Work instructions>
In the entries below, find the line with "#47=CARTESIAN_POINT('',(0.,20.,0.));" and the line with "#73=FACE_BOUND('',#72,.T.);"; give again those lines and every line between them, exactly.
◆ ◆ ◆ ◆ ◆
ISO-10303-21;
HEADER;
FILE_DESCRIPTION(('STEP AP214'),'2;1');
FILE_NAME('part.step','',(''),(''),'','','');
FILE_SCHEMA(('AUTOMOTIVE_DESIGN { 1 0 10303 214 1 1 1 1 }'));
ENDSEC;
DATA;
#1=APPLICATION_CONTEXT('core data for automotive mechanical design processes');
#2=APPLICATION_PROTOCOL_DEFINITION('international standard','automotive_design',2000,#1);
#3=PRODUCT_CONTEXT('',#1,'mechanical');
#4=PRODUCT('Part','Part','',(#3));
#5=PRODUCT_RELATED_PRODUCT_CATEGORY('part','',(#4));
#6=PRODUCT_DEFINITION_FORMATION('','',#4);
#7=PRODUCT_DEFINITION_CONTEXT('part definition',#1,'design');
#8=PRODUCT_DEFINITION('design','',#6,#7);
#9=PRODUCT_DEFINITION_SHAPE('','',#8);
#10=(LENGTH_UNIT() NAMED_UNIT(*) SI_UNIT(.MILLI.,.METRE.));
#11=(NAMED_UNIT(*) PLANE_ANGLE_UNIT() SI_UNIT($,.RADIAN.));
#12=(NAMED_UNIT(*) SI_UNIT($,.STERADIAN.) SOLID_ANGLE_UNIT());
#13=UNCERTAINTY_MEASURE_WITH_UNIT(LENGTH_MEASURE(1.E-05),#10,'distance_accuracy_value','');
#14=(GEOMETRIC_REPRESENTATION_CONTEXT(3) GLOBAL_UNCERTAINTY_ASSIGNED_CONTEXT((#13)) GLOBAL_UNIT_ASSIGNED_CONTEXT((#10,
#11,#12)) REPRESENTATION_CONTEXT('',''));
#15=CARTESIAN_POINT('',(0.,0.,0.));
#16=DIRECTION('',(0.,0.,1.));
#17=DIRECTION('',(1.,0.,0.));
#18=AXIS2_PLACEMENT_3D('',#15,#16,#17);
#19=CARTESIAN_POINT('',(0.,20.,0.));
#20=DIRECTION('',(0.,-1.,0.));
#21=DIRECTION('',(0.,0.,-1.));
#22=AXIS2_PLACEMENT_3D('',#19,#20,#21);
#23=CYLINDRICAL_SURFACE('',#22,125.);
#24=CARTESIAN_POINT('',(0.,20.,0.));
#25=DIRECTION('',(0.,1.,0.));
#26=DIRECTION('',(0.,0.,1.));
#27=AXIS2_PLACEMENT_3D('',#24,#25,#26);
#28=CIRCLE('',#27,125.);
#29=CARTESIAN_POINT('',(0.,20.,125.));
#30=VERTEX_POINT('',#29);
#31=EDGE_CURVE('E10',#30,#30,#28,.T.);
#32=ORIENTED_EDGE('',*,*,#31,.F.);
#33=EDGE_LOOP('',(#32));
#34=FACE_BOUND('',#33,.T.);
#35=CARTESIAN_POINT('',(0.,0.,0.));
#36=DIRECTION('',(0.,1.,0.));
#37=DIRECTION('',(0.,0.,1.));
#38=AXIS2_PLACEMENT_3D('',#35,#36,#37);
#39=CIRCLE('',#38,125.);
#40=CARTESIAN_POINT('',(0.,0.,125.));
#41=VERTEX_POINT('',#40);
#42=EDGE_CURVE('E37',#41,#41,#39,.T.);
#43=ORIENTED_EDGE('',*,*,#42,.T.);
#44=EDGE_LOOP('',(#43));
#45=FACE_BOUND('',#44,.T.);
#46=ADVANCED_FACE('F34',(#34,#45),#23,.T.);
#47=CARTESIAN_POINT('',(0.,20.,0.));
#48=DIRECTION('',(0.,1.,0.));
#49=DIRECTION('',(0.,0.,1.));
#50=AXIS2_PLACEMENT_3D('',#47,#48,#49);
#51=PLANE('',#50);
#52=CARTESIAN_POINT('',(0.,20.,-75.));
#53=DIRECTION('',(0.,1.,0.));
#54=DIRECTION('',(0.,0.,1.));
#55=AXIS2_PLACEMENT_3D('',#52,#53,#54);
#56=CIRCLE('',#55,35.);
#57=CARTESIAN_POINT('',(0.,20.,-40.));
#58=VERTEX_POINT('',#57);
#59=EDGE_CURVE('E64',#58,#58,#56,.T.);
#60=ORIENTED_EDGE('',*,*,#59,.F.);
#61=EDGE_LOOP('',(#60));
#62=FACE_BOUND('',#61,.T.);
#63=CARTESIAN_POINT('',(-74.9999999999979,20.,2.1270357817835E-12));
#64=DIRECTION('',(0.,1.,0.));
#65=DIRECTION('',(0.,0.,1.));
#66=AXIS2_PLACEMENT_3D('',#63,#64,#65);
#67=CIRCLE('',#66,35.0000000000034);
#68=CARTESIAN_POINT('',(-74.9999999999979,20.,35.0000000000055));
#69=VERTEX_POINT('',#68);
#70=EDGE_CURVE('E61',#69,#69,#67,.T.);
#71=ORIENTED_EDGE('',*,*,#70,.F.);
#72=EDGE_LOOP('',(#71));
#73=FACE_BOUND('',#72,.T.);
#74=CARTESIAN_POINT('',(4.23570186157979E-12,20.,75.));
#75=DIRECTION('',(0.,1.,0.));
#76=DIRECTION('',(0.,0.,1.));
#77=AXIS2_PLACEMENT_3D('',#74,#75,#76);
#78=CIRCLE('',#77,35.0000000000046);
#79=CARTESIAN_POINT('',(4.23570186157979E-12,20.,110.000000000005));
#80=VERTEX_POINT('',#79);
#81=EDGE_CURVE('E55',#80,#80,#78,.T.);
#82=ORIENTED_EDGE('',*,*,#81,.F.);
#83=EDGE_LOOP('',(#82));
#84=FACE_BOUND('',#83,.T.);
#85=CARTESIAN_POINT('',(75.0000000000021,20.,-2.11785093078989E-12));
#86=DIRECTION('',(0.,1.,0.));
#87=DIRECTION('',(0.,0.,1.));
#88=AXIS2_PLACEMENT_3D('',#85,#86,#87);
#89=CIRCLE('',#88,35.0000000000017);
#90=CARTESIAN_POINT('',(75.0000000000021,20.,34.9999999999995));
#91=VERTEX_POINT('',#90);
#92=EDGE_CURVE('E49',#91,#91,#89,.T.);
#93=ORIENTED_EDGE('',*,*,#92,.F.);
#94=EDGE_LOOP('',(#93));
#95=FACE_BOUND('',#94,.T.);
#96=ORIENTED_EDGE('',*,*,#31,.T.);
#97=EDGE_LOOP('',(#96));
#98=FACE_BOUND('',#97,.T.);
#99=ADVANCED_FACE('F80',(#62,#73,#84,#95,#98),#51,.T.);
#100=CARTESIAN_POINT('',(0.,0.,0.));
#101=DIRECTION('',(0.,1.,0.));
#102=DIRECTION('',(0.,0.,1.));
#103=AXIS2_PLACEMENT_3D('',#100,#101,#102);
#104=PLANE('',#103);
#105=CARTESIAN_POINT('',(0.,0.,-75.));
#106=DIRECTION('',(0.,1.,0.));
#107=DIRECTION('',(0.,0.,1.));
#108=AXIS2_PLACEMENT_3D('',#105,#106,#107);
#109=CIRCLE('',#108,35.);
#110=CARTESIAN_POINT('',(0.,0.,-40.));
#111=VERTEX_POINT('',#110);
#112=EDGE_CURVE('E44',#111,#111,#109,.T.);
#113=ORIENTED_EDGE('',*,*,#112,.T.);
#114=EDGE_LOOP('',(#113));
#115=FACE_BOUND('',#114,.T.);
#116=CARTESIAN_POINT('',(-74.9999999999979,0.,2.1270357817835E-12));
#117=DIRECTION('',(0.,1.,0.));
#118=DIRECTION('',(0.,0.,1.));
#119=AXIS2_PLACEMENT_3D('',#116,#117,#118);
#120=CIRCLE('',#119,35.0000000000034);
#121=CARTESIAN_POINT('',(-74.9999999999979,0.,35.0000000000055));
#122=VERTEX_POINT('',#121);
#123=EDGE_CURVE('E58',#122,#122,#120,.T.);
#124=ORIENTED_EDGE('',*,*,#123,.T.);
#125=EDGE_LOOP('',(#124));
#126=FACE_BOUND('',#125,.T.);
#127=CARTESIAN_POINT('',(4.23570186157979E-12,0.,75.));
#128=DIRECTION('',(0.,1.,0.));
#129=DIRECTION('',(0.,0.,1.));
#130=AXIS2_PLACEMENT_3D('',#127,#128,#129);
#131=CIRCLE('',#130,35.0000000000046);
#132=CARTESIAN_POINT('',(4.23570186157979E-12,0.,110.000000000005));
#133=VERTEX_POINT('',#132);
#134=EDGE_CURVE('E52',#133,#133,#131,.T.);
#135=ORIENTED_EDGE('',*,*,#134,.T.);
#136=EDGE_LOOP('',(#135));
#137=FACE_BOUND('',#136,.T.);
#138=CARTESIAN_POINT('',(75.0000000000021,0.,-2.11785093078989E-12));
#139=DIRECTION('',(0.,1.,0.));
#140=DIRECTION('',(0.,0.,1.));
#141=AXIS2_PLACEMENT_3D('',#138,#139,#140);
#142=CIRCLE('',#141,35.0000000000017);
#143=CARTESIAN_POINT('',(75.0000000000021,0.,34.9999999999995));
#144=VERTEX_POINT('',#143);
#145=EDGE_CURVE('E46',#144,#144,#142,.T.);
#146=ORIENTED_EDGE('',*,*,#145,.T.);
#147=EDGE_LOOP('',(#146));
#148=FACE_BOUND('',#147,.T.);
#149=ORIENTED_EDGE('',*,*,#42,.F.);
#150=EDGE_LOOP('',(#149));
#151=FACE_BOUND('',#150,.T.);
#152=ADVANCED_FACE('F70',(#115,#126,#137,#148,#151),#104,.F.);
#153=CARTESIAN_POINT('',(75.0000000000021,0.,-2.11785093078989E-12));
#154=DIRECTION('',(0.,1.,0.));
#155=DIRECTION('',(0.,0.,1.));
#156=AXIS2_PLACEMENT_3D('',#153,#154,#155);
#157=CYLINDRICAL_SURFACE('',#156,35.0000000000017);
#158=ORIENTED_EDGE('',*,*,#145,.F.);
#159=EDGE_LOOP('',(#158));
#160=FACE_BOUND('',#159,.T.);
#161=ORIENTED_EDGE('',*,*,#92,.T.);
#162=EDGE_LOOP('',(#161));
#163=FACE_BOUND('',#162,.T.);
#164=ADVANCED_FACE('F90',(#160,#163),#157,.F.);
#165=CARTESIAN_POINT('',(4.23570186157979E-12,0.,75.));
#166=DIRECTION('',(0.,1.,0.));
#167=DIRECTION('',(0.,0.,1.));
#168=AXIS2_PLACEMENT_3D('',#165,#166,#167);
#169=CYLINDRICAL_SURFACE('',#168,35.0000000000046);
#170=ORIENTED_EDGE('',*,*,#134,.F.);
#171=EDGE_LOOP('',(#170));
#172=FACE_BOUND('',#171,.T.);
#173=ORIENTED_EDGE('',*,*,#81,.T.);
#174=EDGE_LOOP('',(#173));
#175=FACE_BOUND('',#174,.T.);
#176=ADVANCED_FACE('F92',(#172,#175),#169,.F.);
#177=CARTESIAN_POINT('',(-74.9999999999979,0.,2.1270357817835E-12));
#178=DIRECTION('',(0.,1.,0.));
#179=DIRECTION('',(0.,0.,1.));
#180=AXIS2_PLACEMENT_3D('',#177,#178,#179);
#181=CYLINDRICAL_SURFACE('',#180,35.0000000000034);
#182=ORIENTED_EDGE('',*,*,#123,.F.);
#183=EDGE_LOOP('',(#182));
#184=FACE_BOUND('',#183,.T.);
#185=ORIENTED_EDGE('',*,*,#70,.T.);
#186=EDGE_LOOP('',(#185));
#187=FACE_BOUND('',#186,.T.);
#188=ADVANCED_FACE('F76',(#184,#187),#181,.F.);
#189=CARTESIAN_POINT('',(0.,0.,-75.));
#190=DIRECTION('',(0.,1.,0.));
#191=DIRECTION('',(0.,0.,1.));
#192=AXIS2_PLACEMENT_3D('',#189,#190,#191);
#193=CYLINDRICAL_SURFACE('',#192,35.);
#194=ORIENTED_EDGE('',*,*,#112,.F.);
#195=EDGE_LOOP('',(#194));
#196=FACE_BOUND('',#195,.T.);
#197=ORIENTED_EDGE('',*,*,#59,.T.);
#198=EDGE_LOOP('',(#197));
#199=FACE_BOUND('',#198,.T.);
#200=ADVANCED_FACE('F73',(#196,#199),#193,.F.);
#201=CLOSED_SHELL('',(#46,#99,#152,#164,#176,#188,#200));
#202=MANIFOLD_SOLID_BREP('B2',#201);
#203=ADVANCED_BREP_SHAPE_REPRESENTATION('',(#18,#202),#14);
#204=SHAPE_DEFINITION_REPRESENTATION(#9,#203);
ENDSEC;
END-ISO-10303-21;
◆ ◆ ◆ ◆ ◆
Answer section>
#47=CARTESIAN_POINT('',(0.,20.,0.));
#48=DIRECTION('',(0.,1.,0.));
#49=DIRECTION('',(0.,0.,1.));
#50=AXIS2_PLACEMENT_3D('',#47,#48,#49);
#51=PLANE('',#50);
#52=CARTESIAN_POINT('',(0.,20.,-75.));
#53=DIRECTION('',(0.,1.,0.));
#54=DIRECTION('',(0.,0.,1.));
#55=AXIS2_PLACEMENT_3D('',#52,#53,#54);
#56=CIRCLE('',#55,35.);
#57=CARTESIAN_POINT('',(0.,20.,-40.));
#58=VERTEX_POINT('',#57);
#59=EDGE_CURVE('E64',#58,#58,#56,.T.);
#60=ORIENTED_EDGE('',*,*,#59,.F.);
#61=EDGE_LOOP('',(#60));
#62=FACE_BOUND('',#61,.T.);
#63=CARTESIAN_POINT('',(-74.9999999999979,20.,2.1270357817835E-12));
#64=DIRECTION('',(0.,1.,0.));
#65=DIRECTION('',(0.,0.,1.));
#66=AXIS2_PLACEMENT_3D('',#63,#64,#65);
#67=CIRCLE('',#66,35.0000000000034);
#68=CARTESIAN_POINT('',(-74.9999999999979,20.,35.0000000000055));
#69=VERTEX_POINT('',#68);
#70=EDGE_CURVE('E61',#69,#69,#67,.T.);
#71=ORIENTED_EDGE('',*,*,#70,.F.);
#72=EDGE_LOOP('',(#71));
#73=FACE_BOUND('',#72,.T.);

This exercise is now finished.